- _Exercise directions_: What is needed is an exact repetition of the lines below, from the first one through the one holding "Bus Selector : BusSelector", with no pictures and nothing else.

- _Data listing_:
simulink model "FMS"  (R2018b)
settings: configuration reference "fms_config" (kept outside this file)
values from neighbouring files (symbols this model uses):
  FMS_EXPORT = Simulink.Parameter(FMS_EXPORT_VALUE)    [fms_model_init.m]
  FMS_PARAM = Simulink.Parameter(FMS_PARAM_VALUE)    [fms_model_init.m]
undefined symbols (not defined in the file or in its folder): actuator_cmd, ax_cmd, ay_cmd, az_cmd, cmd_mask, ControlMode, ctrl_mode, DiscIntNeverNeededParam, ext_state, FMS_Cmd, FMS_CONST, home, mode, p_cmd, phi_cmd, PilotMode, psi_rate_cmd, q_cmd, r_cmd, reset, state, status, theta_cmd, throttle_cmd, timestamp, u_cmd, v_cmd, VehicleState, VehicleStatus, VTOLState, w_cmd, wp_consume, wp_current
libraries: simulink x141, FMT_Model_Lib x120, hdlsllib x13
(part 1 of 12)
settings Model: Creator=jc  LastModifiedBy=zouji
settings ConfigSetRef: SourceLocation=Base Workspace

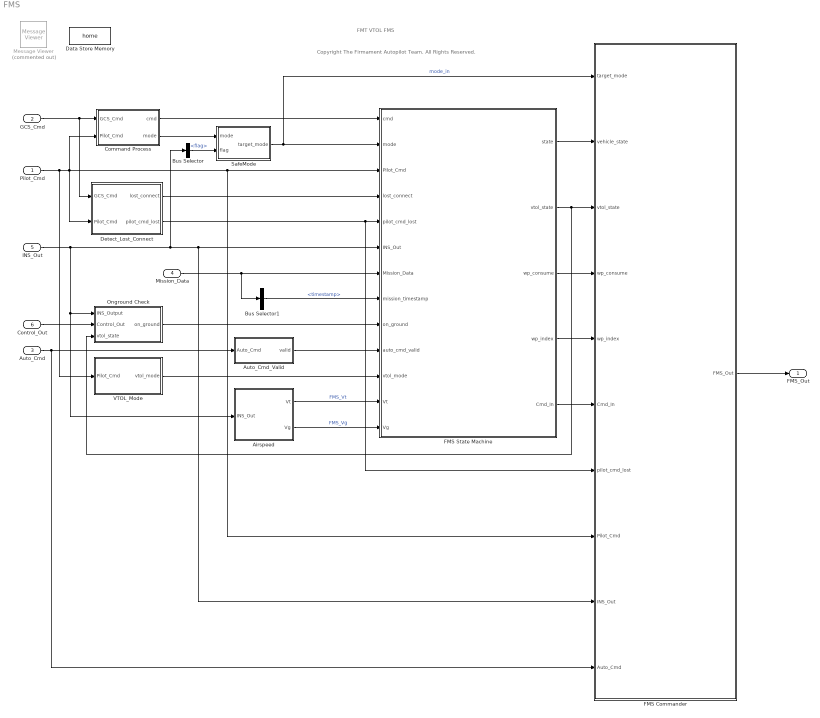
== system FMS ==
  note: Copyright The Firmament Autopilot Team. All Rights Reserved.
  note: FMT VTOL FMS
  Pilot_Cmd : Inport  OutDataTypeStr=Bus: Pilot_Cmd_Bus
  GCS_Cmd : Inport  Port=2  OutDataTypeStr=Bus: GCS_Cmd_Bus
  Auto_Cmd : Inport  Port=3  OutDataTypeStr=Bus: Auto_Cmd_Bus
  Mission_Data : Inport  Port=4  OutDataTypeStr=Bus: Mission_Data_Bus  BusOutputAsStruct=on
  INS_Out : Inport  Port=5  OutDataTypeStr=Bus: INS_Out_Bus
  Control_Out : Inport  Port=6  OutDataTypeStr=Bus: Control_Out_Bus
  Airspeed : Subsystem
  Auto_Cmd_Valid : Subsystem
  Bus Selector : BusSelector  OutputSignals=flag
  Bus Selector1 : BusSelector  OutputSignals=timestamp
  Command Process : Subsystem
  Data Store Memory : DataStoreMemory  DataStoreName=home  ReadBeforeWriteMsg=warning  WriteAfterWriteMsg=warning  WriteAfterReadMsg=warning  ShowAdditionalParam=off  OutDataTypeStr=single  Dimensions=4
  Detect_Lost_Connect : Subsystem
  FMS Commander : Subsystem  TreatAsAtomicUnit=on
  FMS State Machine : Stateflow chart  TreatAsAtomicUnit=on
  Message Viewer : MessageViewer  Commented=on  SavedRootId=#
  Onground Check : Subsystem
  SafeMode : Stateflow chart  TreatAsAtomicUnit=on
  VTOL_Mode : Subsystem
  FMS_Out : Outport  OutDataTypeStr=Bus: FMS_Out_Bus
  wires:
  Control_Out/1 -> Onground Check/2(Control_Out)
  Command Process/1(cmd) -> FMS State Machine/1(cmd)
  FMS State Machine/5(Cmd_In) -> FMS Commander/6(Cmd_In)
  Pilot_Cmd/1 -> VTOL_Mode/1(Pilot_Cmd), Detect_Lost_Connect/2(Pilot_Cmd), FMS Commander/8(Pilot_Cmd), FMS State Machine/3(Pilot_Cmd), Command Process/2(Pilot_Cmd)
  INS_Out/1 -> Airspeed/1(INS_Out), Onground Check/1(INS_Output), Bus Selector/1, FMS Commander/9(INS_Out), FMS State Machine/6(INS_Out)
  Command Process/2(mode) -> SafeMode/1(mode)
  FMS Commander/1(FMS_Out) -> FMS_Out/1
  Onground Check/1(on_ground) -> FMS State Machine/9(on_ground)
  Bus Selector/1 -> SafeMode/2(flag)  "<flag>"
  GCS_Cmd/1 -> Detect_Lost_Connect/1(GCS_Cmd), Command Process/1(GCS_Cmd)
  SafeMode/1(target_mode) -> FMS Commander/1(target_mode), FMS State Machine/2(mode)  "mode_in"
  FMS State Machine/1(state) -> FMS Commander/2(vehicle_state)
  Mission_Data/1 -> Bus Selector1/1, FMS State Machine/7(Mission_Data)
  FMS State Machine/3(wp_consume) -> FMS Commander/4(wp_consume)
  Bus Selector1/1 -> FMS State Machine/8(mission_timestamp)  "<timestamp>"
  FMS State Machine/4(wp_index) -> FMS Commander/5(wp_index)
  Auto_Cmd/1 -> Auto_Cmd_Valid/1(Auto_Cmd), FMS Commander/10(Auto_Cmd)
  Auto_Cmd_Valid/1(valid) -> FMS State Machine/10(auto_cmd_valid)
  Detect_Lost_Connect/1(lost_connect) -> FMS State Machine/4(lost_connect)
  Detect_Lost_Connect/2(pilot_cmd_lost) -> FMS State Machine/5(pilot_cmd_lost), FMS Commander/7(pilot_cmd_lost)
  Airspeed/2(Vg) -> FMS State Machine/13(Vg)  "FMS_Vg"
  Airspeed/1(Vt) -> FMS State Machine/12(Vt)  "FMS_Vt"
  VTOL_Mode/1(vtol_mode) -> FMS State Machine/11(vtol_mode)
  FMS State Machine/2(vtol_state) -> Onground Check/3(vtol_state), FMS Commander/3(vtol_state)

== system FMS/Airspeed ==
  note: If airspeed is invalid, use ground speed
  INS_Out : Inport
  Add : Sum
  Bitwise AND : simulink/Logic and Bit Operations/Bitwise Operator  logicop=AND  UseBitMask=on  BitMask=bin2dec('1000000000')  BitMaskRealWorld=Stored Integer
  Bus Selector1 : BusSelector  OutputSignals=vn,ve
  Bus Selector2 : BusSelector  OutputSignals=flag
  Bus Selector3 : BusSelector  OutputSignals=airspeed
  First Order LPF1 : FMT_Model_Lib/Filter/First Order LPF  fc=20
      settings: SourceProductName=FMT Toolbox
  First Order LPF3 : FMT_Model_Lib/Filter/First Order LPF  fc=10
      settings: SourceProductName=FMT Toolbox
  Fly_Direction : Subsystem
  Fly_Speed : Subsystem
  Multiply : Product
  Saturation1 : Saturate  UpperLimit=100  LowerLimit=0.1
  Sqrt : Sqrt  SaturateOnIntegerOverflow=on
  Square2 : Math  Operator=square  SaturateOnIntegerOverflow=on
  Square3 : Math  Operator=square  SaturateOnIntegerOverflow=on
  Switch : Switch  Criteria=u2 > Threshold
  Vt : Outport
  Vg : Outport  Port=2
  wires:
  Square3/1 -> Add/2
  Sqrt/1 -> Multiply/2
  Bus Selector1/1 -> Square2/1  "<vn>"
  Fly_Direction/1(sign) -> Multiply/1
  Add/1 -> Sqrt/1
  Square2/1 -> Add/1
  Bus Selector1/2 -> Square3/1  "<ve>"
  Multiply/1 -> First Order LPF1/1  "Vg"
  Switch/1 -> Saturation1/1
  Saturation1/1 -> First Order LPF3/1
  INS_Out/1 -> Fly_Direction/1(INS_Out), Bus Selector1/1, Fly_Speed/1(INS_Out), Bus Selector2/1, Bus Selector3/1
  Bitwise AND/1 -> Switch/2
  Bus Selector2/1 -> Bitwise AND/1  "<flag>"
  Bus Selector3/1 -> Switch/1  "<airspeed>"
  First Order LPF1/1 -> Vg/1
  First Order LPF3/1 -> Vt/1
  Fly_Speed/1(speed) -> Switch/3

== system FMS/Auto_Cmd_Valid ==
  Auto_Cmd : Inport
  Bus Selector1 : BusSelector  OutputSignals=frame
  Bus Selector2 : BusSelector  OutputSignals=timestamp
  Compare To Constant4 : simulink/Logic and Bit Operations/Compare To Constant  relop=<  const=1000  OutDataTypeStr=boolean
  Constant : Constant  Value=FMS_EXPORT.period  OutDataTypeStr=single
  Detect Change : simulink/Logic and Bit Operations/Detect Change  vinit=0  OutDataTypeStr=boolean
  Discrete-Time Integrator : DiscreteIntegrator  IntegratorMethod=Accumulation: Forward Euler  ExternalReset=sampled level  SampleTime=-1  OutDataTypeStr=uint32  SaturateOnIntegerOverflow=on  ICPrevOutput=DiscIntNeverNeededParam  ICPrevScaledInput=DiscIntNeverNeededParam
  Ever_Valid : Subsystem
  Interval Test : simulink/Logic and Bit Operations/Interval Test  IntervalClosedRight=on  uplimit=2  IntervalClosedLeft=on  lowlimit=0  OutDataTypeStr=boolean
  Logical Operator : Logic  Inputs=3  AllPortsSameDT=off  OutDataTypeStr=boolean
  valid : Outport
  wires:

- _Answer space_:
simulink model "FMS"  (R2018b)
settings: configuration reference "fms_config" (kept outside this file)
values from neighbouring files (symbols this model uses):
  FMS_EXPORT = Simulink.Parameter(FMS_EXPORT_VALUE)    [fms_model_init.m]
  FMS_PARAM = Simulink.Parameter(FMS_PARAM_VALUE)    [fms_model_init.m]
undefined symbols (not defined in the file or in its folder): actuator_cmd, ax_cmd, ay_cmd, az_cmd, cmd_mask, ControlMode, ctrl_mode, DiscIntNeverNeededParam, ext_state, FMS_Cmd, FMS_CONST, home, mode, p_cmd, phi_cmd, PilotMode, psi_rate_cmd, q_cmd, r_cmd, reset, state, status, theta_cmd, throttle_cmd, timestamp, u_cmd, v_cmd, VehicleState, VehicleStatus, VTOLState, w_cmd, wp_consume, wp_current
libraries: simulink x141, FMT_Model_Lib x120, hdlsllib x13
(part 1 of 12)
settings Model: Creator=jc  LastModifiedBy=zouji
settings ConfigSetRef: SourceLocation=Base Workspace

== system FMS ==
  note: Copyright The Firmament Autopilot Team. All Rights Reserved.
  note: FMT VTOL FMS
  Pilot_Cmd : Inport  OutDataTypeStr=Bus: Pilot_Cmd_Bus
  GCS_Cmd : Inport  Port=2  OutDataTypeStr=Bus: GCS_Cmd_Bus
  Auto_Cmd : Inport  Port=3  OutDataTypeStr=Bus: Auto_Cmd_Bus
  Mission_Data : Inport  Port=4  OutDataTypeStr=Bus: Mission_Data_Bus  BusOutputAsStruct=on
  INS_Out : Inport  Port=5  OutDataTypeStr=Bus: INS_Out_Bus
  Control_Out : Inport  Port=6  OutDataTypeStr=Bus: Control_Out_Bus
  Airspeed : Subsystem
  Auto_Cmd_Valid : Subsystem
  Bus Selector : BusSelector  OutputSignals=flag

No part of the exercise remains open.